▶ [Data provided]
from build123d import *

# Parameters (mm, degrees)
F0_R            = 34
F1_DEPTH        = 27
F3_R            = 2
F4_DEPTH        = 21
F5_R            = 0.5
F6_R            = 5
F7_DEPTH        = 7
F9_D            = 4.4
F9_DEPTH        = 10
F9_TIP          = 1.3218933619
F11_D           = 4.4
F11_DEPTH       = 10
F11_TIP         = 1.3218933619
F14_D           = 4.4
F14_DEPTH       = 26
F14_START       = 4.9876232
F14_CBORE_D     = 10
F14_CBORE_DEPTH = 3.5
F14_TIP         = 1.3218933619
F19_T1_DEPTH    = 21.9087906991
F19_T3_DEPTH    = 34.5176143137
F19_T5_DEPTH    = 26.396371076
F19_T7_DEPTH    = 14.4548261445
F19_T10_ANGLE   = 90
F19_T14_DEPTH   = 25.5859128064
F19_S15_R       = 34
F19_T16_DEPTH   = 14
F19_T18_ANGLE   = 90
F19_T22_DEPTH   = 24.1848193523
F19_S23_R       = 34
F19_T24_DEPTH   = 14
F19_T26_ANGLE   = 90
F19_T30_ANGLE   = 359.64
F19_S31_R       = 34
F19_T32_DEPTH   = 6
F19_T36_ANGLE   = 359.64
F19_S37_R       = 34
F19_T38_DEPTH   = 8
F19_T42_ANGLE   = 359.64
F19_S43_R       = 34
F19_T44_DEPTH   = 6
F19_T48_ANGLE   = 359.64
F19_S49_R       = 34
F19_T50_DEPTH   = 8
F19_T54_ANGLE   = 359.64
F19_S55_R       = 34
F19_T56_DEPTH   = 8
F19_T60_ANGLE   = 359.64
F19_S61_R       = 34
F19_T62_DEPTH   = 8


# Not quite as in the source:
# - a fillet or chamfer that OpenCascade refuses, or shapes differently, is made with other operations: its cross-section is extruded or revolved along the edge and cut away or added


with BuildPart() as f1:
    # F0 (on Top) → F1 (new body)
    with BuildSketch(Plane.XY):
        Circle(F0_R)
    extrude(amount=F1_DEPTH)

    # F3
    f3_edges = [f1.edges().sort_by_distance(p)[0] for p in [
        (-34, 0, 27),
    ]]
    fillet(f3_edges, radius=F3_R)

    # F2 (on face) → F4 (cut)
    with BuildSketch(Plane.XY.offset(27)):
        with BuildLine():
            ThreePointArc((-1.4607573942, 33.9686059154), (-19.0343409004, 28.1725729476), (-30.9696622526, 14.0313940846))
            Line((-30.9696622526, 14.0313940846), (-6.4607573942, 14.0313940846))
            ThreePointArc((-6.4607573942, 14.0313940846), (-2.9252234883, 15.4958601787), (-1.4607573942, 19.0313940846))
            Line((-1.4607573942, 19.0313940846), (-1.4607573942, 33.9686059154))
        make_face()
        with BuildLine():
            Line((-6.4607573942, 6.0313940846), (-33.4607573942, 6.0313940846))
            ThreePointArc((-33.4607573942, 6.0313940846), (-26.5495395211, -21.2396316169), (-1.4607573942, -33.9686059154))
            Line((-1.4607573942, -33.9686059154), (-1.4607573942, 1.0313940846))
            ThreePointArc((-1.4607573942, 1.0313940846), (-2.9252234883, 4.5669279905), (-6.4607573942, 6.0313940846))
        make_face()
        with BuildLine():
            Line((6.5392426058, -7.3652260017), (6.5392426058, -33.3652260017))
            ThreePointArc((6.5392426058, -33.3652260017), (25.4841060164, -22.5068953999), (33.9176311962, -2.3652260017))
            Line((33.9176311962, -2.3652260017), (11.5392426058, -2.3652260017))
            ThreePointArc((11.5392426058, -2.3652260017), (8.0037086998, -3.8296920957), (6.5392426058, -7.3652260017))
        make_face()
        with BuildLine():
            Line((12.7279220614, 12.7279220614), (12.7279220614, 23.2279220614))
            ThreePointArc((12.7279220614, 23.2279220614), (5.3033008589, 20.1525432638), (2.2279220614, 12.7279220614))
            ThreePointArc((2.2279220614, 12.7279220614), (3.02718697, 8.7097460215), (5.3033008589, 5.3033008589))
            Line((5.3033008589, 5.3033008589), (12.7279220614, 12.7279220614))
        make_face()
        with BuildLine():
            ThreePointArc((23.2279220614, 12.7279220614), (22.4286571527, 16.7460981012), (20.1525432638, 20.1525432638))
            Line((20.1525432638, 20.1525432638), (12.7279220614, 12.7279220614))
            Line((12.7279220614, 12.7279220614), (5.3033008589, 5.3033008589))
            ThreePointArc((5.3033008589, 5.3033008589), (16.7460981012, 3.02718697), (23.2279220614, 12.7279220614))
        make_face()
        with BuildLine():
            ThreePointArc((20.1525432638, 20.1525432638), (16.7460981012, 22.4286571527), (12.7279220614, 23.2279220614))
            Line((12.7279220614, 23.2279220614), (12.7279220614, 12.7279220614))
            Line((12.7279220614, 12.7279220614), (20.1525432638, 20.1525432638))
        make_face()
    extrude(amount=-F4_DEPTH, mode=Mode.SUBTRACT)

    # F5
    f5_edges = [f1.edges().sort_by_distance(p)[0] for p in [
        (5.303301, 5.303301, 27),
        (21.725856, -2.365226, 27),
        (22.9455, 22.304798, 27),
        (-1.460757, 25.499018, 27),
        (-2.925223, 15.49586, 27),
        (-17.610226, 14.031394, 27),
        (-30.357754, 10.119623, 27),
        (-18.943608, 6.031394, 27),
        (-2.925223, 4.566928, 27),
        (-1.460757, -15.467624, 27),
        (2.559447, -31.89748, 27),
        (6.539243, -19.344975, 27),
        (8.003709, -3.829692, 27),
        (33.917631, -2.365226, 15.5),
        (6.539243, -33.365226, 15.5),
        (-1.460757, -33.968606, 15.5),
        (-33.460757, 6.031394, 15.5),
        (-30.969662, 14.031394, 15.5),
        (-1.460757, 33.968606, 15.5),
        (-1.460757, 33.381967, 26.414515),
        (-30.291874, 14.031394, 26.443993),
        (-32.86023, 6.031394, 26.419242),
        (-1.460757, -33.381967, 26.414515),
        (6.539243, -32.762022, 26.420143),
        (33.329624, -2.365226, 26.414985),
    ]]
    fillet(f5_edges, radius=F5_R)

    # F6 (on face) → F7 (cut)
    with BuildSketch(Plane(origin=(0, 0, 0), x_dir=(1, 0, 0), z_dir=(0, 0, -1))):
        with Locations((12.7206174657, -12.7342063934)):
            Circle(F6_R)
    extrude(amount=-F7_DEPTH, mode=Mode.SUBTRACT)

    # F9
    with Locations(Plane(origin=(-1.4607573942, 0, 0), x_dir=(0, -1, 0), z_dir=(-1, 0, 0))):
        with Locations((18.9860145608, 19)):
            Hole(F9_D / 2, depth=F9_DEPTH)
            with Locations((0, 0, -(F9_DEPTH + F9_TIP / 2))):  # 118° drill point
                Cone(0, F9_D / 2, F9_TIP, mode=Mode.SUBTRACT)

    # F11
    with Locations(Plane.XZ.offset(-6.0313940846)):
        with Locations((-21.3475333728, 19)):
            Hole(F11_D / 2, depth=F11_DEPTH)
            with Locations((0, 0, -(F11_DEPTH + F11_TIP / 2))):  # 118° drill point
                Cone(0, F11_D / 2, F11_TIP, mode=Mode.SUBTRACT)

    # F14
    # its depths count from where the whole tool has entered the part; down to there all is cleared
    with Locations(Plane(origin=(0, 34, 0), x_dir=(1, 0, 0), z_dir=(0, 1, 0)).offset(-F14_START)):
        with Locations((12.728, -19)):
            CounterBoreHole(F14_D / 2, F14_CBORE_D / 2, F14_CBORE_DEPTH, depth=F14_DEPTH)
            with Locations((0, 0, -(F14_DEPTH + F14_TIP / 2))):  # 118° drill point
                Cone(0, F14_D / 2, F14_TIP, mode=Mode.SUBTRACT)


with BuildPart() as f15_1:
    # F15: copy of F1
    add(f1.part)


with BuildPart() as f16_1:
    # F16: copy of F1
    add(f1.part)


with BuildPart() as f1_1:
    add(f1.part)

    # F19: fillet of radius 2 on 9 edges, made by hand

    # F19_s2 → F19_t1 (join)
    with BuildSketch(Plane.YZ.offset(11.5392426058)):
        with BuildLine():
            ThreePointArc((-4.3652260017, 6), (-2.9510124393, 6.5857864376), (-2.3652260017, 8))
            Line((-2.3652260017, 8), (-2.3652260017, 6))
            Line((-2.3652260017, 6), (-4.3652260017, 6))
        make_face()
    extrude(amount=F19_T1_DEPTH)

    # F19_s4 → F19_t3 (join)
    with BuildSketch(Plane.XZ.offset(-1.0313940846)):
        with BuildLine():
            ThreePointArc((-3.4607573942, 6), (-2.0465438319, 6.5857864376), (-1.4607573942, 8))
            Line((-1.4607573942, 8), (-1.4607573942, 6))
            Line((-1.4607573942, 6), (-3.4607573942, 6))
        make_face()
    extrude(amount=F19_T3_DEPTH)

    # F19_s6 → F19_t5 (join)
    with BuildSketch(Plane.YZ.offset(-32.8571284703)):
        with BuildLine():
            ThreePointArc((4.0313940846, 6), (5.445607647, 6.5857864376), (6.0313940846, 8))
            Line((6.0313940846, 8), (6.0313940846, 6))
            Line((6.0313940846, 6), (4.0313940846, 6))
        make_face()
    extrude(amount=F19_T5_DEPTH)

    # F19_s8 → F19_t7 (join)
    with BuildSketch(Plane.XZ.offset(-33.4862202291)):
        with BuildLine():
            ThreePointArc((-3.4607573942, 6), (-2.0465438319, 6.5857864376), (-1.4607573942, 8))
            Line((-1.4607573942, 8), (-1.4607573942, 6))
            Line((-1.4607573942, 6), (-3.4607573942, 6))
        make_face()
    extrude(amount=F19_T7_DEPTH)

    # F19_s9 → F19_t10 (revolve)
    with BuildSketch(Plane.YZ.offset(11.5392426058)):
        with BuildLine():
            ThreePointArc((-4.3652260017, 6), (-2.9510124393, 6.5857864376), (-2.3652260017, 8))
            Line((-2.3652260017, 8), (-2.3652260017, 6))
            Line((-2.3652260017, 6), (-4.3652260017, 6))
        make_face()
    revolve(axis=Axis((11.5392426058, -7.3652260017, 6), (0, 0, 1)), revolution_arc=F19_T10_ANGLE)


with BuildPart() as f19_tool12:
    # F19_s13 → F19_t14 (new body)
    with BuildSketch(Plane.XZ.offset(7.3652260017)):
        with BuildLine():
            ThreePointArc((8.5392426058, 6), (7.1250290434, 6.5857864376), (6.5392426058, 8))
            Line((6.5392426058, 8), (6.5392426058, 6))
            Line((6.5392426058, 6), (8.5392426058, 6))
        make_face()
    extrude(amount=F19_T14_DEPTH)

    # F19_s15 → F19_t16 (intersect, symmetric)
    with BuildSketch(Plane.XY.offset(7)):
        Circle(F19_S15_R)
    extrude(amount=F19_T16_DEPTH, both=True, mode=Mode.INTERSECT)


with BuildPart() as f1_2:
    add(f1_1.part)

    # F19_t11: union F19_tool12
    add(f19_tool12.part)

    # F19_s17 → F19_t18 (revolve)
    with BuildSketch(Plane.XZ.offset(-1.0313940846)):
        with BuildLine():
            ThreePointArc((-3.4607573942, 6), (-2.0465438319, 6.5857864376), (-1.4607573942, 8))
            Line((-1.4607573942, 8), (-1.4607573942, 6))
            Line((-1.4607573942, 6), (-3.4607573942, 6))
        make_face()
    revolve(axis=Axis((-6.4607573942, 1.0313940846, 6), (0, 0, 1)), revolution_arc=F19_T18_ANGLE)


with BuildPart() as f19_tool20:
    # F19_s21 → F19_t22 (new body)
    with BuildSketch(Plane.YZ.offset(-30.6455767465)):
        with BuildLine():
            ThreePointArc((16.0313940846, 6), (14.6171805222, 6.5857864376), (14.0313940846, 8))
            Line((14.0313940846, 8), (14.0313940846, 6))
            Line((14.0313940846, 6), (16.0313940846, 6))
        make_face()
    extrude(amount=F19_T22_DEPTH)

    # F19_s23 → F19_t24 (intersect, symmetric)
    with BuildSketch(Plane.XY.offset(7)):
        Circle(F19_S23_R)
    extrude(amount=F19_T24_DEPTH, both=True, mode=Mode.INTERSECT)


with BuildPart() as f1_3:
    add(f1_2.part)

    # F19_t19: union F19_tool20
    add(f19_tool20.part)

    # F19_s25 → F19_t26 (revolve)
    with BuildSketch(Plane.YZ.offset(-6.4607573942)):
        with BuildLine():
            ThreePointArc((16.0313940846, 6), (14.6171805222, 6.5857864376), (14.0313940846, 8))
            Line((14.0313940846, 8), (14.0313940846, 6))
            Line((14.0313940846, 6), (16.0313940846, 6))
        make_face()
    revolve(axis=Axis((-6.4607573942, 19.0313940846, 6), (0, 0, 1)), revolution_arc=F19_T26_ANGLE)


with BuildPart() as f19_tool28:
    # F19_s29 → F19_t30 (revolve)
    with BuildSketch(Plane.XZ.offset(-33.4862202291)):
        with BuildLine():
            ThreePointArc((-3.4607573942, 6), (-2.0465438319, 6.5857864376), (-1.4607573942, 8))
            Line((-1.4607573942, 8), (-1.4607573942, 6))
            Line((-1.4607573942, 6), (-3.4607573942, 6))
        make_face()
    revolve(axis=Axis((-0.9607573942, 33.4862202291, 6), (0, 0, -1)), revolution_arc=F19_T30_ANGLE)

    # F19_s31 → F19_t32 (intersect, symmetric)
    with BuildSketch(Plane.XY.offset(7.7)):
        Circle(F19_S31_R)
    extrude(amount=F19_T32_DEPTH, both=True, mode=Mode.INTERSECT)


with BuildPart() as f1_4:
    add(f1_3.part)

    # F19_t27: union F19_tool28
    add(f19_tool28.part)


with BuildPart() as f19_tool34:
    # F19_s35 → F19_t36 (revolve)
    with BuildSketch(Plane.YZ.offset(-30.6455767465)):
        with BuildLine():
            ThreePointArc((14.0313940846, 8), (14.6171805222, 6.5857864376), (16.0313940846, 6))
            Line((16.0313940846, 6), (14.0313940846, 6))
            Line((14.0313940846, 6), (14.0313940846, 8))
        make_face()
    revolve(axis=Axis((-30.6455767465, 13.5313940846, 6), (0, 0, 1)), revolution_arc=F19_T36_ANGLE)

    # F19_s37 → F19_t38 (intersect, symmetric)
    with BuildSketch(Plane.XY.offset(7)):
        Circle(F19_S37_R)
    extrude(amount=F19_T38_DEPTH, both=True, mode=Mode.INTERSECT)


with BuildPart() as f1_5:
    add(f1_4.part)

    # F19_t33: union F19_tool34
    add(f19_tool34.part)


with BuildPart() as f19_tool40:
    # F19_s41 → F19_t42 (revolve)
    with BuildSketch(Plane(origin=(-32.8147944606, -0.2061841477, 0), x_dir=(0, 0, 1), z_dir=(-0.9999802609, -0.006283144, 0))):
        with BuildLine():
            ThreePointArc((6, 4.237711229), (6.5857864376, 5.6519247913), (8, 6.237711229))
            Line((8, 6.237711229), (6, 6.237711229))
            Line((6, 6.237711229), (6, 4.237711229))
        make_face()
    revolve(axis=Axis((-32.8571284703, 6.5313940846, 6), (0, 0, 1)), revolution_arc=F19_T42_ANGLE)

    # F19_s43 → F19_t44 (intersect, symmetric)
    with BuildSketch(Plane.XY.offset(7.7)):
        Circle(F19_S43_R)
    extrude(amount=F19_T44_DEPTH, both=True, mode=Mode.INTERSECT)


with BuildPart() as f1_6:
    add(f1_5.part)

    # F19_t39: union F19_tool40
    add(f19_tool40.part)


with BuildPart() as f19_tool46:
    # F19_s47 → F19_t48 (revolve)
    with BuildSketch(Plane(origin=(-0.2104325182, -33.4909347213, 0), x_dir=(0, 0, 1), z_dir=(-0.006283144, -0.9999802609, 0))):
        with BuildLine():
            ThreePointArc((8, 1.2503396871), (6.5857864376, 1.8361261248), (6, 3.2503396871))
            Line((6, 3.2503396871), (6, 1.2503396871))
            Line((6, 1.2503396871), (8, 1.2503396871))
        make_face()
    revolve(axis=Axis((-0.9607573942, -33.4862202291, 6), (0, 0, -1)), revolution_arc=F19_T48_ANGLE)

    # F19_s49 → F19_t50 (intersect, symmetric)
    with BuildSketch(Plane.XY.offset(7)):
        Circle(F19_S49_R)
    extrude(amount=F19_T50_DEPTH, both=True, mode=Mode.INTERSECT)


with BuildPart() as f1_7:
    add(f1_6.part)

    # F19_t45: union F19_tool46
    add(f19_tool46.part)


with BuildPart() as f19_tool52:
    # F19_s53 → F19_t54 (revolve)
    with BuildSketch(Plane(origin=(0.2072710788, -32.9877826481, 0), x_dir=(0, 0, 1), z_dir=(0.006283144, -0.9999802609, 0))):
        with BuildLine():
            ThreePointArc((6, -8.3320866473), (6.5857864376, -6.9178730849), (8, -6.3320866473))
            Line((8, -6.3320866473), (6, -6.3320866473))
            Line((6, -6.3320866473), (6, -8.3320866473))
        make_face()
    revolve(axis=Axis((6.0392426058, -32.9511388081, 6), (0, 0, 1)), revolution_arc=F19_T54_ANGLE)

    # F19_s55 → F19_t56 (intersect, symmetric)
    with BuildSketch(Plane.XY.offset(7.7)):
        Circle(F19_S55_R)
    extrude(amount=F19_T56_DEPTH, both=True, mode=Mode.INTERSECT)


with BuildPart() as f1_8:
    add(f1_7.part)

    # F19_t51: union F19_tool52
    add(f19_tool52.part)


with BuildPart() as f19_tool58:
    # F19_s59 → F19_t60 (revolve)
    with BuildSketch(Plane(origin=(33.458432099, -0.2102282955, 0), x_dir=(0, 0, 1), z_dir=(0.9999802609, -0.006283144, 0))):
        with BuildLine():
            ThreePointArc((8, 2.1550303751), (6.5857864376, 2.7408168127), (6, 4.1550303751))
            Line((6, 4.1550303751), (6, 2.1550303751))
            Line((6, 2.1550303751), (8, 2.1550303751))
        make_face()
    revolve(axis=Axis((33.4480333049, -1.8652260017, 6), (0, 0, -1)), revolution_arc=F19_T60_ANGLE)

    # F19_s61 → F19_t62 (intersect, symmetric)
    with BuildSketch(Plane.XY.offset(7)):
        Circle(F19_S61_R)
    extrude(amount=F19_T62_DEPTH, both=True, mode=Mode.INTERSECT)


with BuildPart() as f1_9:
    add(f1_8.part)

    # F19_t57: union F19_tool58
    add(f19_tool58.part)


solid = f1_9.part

▶ [Exercise instructions] Report every line of the material above in which "symmetric" appears.

▶ [Response below]
    # F19_s15 → F19_t16 (intersect, symmetric)
    # F19_s23 → F19_t24 (intersect, symmetric)
    # F19_s31 → F19_t32 (intersect, symmetric)
    # F19_s37 → F19_t38 (intersect, symmetric)
    # F19_s43 → F19_t44 (intersect, symmetric)
    # F19_s49 → F19_t50 (intersect, symmetric)
    # F19_s55 → F19_t56 (intersect, symmetric)
    # F19_s61 → F19_t62 (intersect, symmetric)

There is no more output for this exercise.